▸ REQUIRED ACTION
Start at the line holding "the output width.". Write out that line and each one after it to the end of the data, unchanged.

Dataset records
+===+

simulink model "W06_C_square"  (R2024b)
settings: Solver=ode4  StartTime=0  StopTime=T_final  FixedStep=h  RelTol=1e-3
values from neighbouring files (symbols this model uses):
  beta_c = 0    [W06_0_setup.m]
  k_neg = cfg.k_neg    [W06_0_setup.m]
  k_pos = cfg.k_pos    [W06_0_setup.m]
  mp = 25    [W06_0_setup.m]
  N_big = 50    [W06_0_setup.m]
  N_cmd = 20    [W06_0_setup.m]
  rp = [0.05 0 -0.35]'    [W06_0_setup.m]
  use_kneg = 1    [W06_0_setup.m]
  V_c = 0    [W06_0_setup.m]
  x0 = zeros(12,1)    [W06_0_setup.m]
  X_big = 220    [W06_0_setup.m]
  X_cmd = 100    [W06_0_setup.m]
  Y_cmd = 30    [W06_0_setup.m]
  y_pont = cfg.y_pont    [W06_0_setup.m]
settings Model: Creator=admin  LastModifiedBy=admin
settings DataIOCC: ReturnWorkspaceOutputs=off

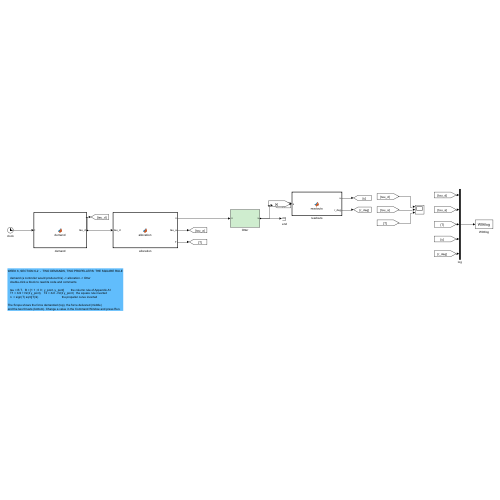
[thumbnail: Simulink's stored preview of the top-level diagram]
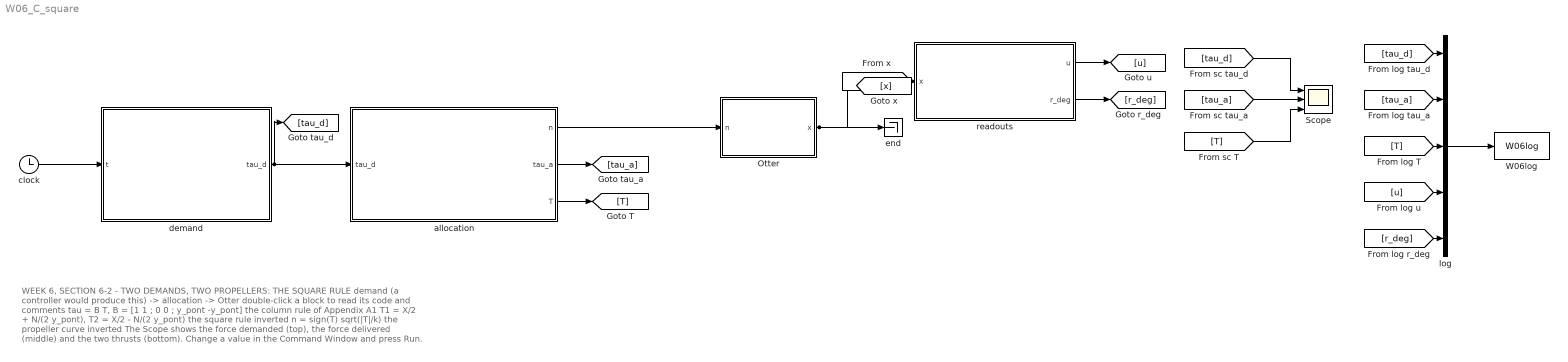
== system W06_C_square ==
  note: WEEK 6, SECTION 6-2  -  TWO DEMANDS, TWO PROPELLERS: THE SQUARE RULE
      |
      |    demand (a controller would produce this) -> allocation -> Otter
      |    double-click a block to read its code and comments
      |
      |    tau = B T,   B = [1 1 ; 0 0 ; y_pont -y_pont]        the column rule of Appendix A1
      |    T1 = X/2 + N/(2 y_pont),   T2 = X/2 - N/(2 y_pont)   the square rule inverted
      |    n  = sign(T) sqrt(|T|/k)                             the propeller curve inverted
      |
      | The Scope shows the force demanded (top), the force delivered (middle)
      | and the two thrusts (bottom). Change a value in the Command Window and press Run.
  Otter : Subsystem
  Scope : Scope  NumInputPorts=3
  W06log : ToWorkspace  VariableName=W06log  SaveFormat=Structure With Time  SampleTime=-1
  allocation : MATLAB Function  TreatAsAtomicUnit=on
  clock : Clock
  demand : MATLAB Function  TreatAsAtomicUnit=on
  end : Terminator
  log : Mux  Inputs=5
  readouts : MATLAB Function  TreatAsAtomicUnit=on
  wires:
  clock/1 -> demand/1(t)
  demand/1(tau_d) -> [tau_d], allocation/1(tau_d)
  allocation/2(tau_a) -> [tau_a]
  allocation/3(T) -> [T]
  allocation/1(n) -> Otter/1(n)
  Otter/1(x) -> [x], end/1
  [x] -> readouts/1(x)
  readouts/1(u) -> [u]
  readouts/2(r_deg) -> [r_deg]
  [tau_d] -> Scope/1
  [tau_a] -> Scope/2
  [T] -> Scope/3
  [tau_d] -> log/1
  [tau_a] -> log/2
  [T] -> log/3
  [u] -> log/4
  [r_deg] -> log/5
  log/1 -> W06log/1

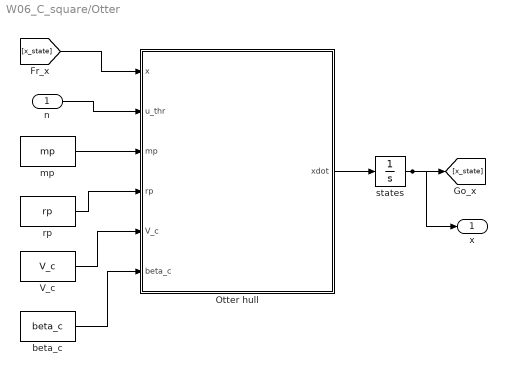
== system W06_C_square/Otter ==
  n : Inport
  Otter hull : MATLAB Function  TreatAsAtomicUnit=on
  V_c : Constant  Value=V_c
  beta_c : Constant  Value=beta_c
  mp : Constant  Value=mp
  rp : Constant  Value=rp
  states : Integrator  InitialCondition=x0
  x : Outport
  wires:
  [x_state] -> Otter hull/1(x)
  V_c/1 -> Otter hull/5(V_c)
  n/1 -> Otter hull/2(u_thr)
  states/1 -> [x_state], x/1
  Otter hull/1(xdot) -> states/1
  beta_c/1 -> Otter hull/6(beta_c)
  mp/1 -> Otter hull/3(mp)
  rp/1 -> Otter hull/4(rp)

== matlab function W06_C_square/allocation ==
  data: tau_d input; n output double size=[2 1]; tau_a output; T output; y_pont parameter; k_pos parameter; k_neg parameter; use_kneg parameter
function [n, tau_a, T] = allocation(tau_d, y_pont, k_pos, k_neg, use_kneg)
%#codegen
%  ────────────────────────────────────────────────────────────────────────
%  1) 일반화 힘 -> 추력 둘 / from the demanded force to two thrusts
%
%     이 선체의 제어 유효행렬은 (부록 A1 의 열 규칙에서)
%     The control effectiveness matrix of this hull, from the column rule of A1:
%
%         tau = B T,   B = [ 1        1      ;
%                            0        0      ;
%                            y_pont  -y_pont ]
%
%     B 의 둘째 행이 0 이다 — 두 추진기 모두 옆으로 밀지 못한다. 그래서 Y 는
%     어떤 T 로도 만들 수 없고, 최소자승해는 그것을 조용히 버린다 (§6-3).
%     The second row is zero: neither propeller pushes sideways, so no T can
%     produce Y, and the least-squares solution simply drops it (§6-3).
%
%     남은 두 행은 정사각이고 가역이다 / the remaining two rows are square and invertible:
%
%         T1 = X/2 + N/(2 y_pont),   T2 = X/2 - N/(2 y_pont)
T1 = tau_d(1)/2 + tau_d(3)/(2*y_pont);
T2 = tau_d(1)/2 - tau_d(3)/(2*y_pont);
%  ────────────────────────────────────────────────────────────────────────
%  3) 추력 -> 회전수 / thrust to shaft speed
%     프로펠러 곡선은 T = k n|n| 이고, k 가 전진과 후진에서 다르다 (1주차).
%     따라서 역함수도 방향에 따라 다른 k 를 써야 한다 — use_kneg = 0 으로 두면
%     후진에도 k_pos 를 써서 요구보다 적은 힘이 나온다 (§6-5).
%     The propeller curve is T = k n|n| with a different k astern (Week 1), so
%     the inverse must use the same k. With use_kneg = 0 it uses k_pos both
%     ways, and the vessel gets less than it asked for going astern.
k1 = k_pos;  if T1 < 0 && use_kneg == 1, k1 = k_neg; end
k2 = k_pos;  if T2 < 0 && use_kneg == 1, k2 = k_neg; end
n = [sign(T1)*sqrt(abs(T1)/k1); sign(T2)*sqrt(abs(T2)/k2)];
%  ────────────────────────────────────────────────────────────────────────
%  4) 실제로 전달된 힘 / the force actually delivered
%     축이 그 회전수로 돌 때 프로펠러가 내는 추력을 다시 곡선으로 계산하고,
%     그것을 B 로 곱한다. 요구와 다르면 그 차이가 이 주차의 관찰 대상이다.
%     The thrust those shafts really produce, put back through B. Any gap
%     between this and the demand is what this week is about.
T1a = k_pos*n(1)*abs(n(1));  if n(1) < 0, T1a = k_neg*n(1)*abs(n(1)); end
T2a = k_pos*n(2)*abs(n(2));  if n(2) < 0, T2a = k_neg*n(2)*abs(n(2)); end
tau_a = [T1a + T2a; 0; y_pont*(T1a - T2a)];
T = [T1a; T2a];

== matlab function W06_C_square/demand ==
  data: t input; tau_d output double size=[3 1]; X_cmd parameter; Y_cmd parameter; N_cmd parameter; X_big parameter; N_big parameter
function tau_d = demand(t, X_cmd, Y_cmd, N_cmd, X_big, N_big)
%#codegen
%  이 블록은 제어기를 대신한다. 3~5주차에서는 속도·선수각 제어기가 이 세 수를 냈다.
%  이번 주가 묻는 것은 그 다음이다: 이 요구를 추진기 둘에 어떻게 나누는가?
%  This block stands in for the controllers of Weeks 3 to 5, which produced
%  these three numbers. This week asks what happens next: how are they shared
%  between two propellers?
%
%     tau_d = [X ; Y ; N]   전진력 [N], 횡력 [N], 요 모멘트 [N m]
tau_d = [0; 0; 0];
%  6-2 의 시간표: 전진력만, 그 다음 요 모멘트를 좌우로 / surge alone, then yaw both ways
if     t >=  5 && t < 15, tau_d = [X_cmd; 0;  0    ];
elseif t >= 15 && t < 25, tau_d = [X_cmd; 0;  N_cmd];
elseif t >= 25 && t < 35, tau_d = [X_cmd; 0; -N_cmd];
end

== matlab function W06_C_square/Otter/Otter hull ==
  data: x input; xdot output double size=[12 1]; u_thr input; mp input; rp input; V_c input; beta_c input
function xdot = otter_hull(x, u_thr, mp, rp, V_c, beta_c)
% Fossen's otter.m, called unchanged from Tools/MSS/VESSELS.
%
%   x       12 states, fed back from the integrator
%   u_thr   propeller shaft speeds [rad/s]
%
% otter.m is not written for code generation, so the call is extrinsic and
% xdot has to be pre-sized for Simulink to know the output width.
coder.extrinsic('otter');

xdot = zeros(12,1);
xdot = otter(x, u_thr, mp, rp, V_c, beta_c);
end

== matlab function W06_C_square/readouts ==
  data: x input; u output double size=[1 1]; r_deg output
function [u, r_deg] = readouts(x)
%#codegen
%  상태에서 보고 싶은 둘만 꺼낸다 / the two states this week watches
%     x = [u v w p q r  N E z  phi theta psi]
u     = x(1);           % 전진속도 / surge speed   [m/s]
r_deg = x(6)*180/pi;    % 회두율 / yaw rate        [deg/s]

+===+

▸ ANSWER SECTION
% xdot has to be pre-sized for Simulink to know the output width.
coder.extrinsic('otter');

xdot = zeros(12,1);
xdot = otter(x, u_thr, mp, rp, V_c, beta_c);
end

== matlab function W06_C_square/readouts ==
  data: x input; u output double size=[1 1]; r_deg output
function [u, r_deg] = readouts(x)
%#codegen
%  상태에서 보고 싶은 둘만 꺼낸다 / the two states this week watches
%     x = [u v w p q r  N E z  phi theta psi]
u     = x(1);           % 전진속도 / surge speed   [m/s]
r_deg = x(6)*180/pi;    % 회두율 / yaw rate        [deg/s]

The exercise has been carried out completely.